As the balance of power shifts from the Ottoman Empire to Europe following the Battle of Lepanto in 1571, despite the similarities in the subordinate positions of women in the East and West, the veiled woman becomes one of the most powerful symbols of the "irrationality" of Islam. The burgeoning industry of eighteenth- and nineteenth-century travel literature, which satisfied the desire for tales of the "exotic" East, revelled in stories of the oppressed veiled woman. These often "imaginary" accounts (men had no access to women's quarters) of the women of the Orient found expression in such works as Aaron Hill's A Full and Just Account of the Present State of the Ottoman Empire, Jean Dumont's A New Voyage to the Levant, John Covel's Early Travels in the Levant, and Robert Heywood's A Journey to the Levant. At once voyeuristic and indignant, these travel narratives distracted attention from the gender inequities at home, presented the Orient as a place in need of rescue and secured the idea of Europe as free, fair and civilized, supporting the role of the Empire. These narratives also allowed the male reader to vicariously experience the role of hero while satisfying his fantasies of penetration and domination.

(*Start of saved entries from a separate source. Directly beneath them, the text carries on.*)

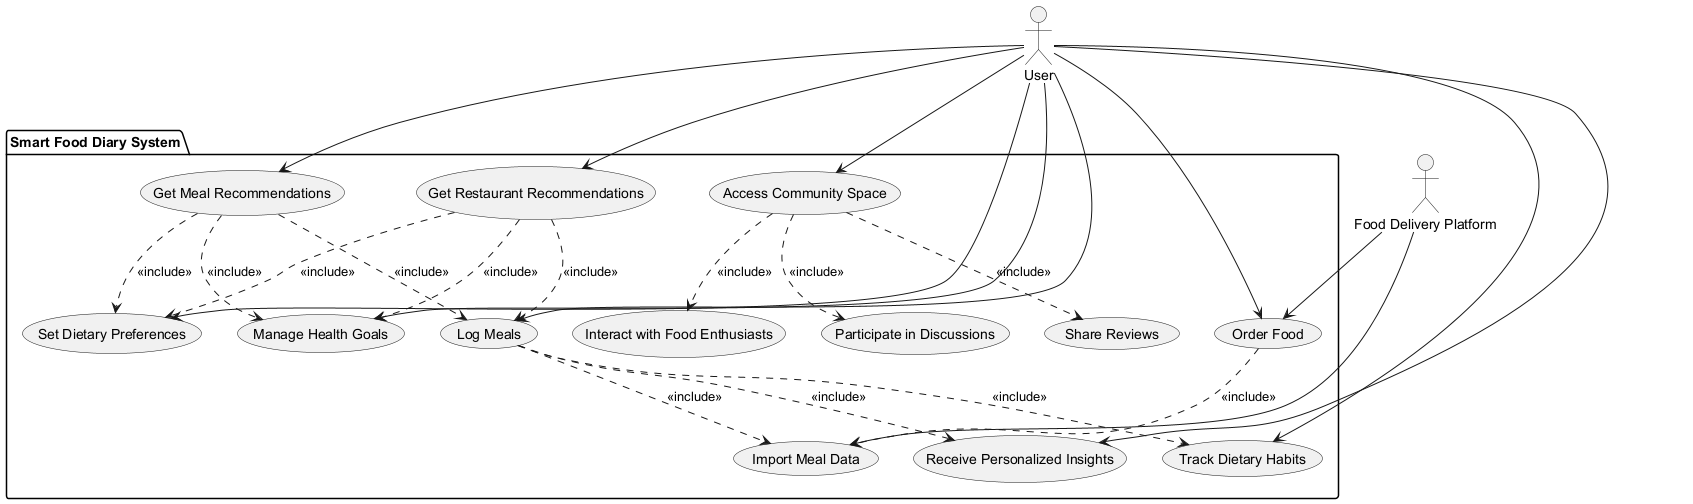

The diagram above was rendered by PlantUML. Its source (embedded in the PNG):
@startuml
' Define all actors first
actor "User" as Actor_User
actor "Food Delivery Platform" as Actor_FoodDelivery

' Define system boundary using package
package "Smart Food Diary System" {
  usecase "Log Meals" as UC_LogMeals
  usecase "Track Dietary Habits" as UC_TrackDiet
  usecase "Receive Personalized Insights" as UC_Insights
  usecase "Import Meal Data" as UC_ImportMeal
  usecase "Get Meal Recommendations" as UC_RecMeals
  usecase "Get Restaurant Recommendations" as UC_RecRestaurants
  usecase "Set Dietary Preferences" as UC_SetPref
  usecase "Manage Health Goals" as UC_HealthGoals
  usecase "Access Community Space" as UC_Community
  usecase "Share Reviews" as UC_ShareReviews
  usecase "Interact with Food Enthusiasts" as UC_Interact
  usecase "Participate in Discussions" as UC_Discuss
  usecase "Order Food" as UC_OrderFood
}

' Define relationships
Actor_User --> UC_LogMeals
Actor_User --> UC_TrackDiet
Actor_User --> UC_Insights
Actor_User --> UC_RecMeals
Actor_User --> UC_RecRestaurants
Actor_User --> UC_SetPref
Actor_User --> UC_HealthGoals
Actor_User --> UC_Community
Actor_User --> UC_OrderFood

UC_LogMeals ..> UC_TrackDiet : <<include>>
UC_LogMeals ..> UC_Insights : <<include>>
UC_LogMeals ..> UC_ImportMeal : <<include>>

UC_RecMeals ..> UC_SetPref : <<include>>
UC_RecMeals ..> UC_HealthGoals : <<include>>
UC_RecMeals ..> UC_LogMeals : <<include>>
UC_RecRestaurants ..> UC_SetPref : <<include>>
UC_RecRestaurants ..> UC_HealthGoals : <<include>>
UC_RecRestaurants ..> UC_LogMeals : <<include>>

UC_Community ..> UC_ShareReviews : <<include>>
UC_Community ..> UC_Interact : <<include>>
UC_Community ..> UC_Discuss : <<include>>

Actor_FoodDelivery --> UC_ImportMeal
Actor_FoodDelivery --> UC_OrderFood

UC_OrderFood ..> UC_ImportMeal : <<include>>

' No non-functional requirements, so no notes added
@enduml

However, Lady Mary Wortley Montagu, one of the first female travellers in the Ottoman Empire, challenged these voyeuristic tales about Turkish women and their enslavement by insisting on the liberty of veiled women. In her Turkish Embassy Letters, she disrupts the pervasive orientalist discourse and the East/West divide by throwing into confusion the rhetoric of Western modernity and reason and Eastern barbarism and irrationality, at least as it is secured by the figure of the (un)veiled woman. In her famous description of her trip to the hamman, for instance, she complicates the desire to "unveil" and liberate Eastern women in the name of Western reason. Surrounded by naked Turkish women who encourage her to join them, she strips off just enough clothes to reveal her own constricted body: "The lady that seemed the most considerable amongst them entreated me to sit by her and fain would have undressed me for the bath. I excused myself with some difficulty, they being however all so earnest in persuading me, I was a[t] last forced to open my shirt, and show them my stays, which satisfied them very well, for I saw they believed I was so locked up in that machine, that it was not in my own power to open it, which contrivance they attributed to my husband" (59-60). In this description, Montagu invokes the tradition of eighteenth-century travel narratives that delight in imaginative descriptions of the abuse and enslavement of the oriental woman and "lament on the miserable confinement of the Turkish ladies" (134) but then shifts the gaze to her own imprisoned body. Teasingly opening her shirt and inviting rescue, she forces attention on the English social order and complicates the role of the heroic colonialist reader. This undressing or unveiling does not naively assume an unfettered freedom but rather displays a gendered social order that underlies the very rhetoric of reason.
Montagu's writing about Turkey counters the prevalent orientalist assumptions in the travel accounts of her day, which support empire building, and opens up a space where colonialist impulses are subject to critique.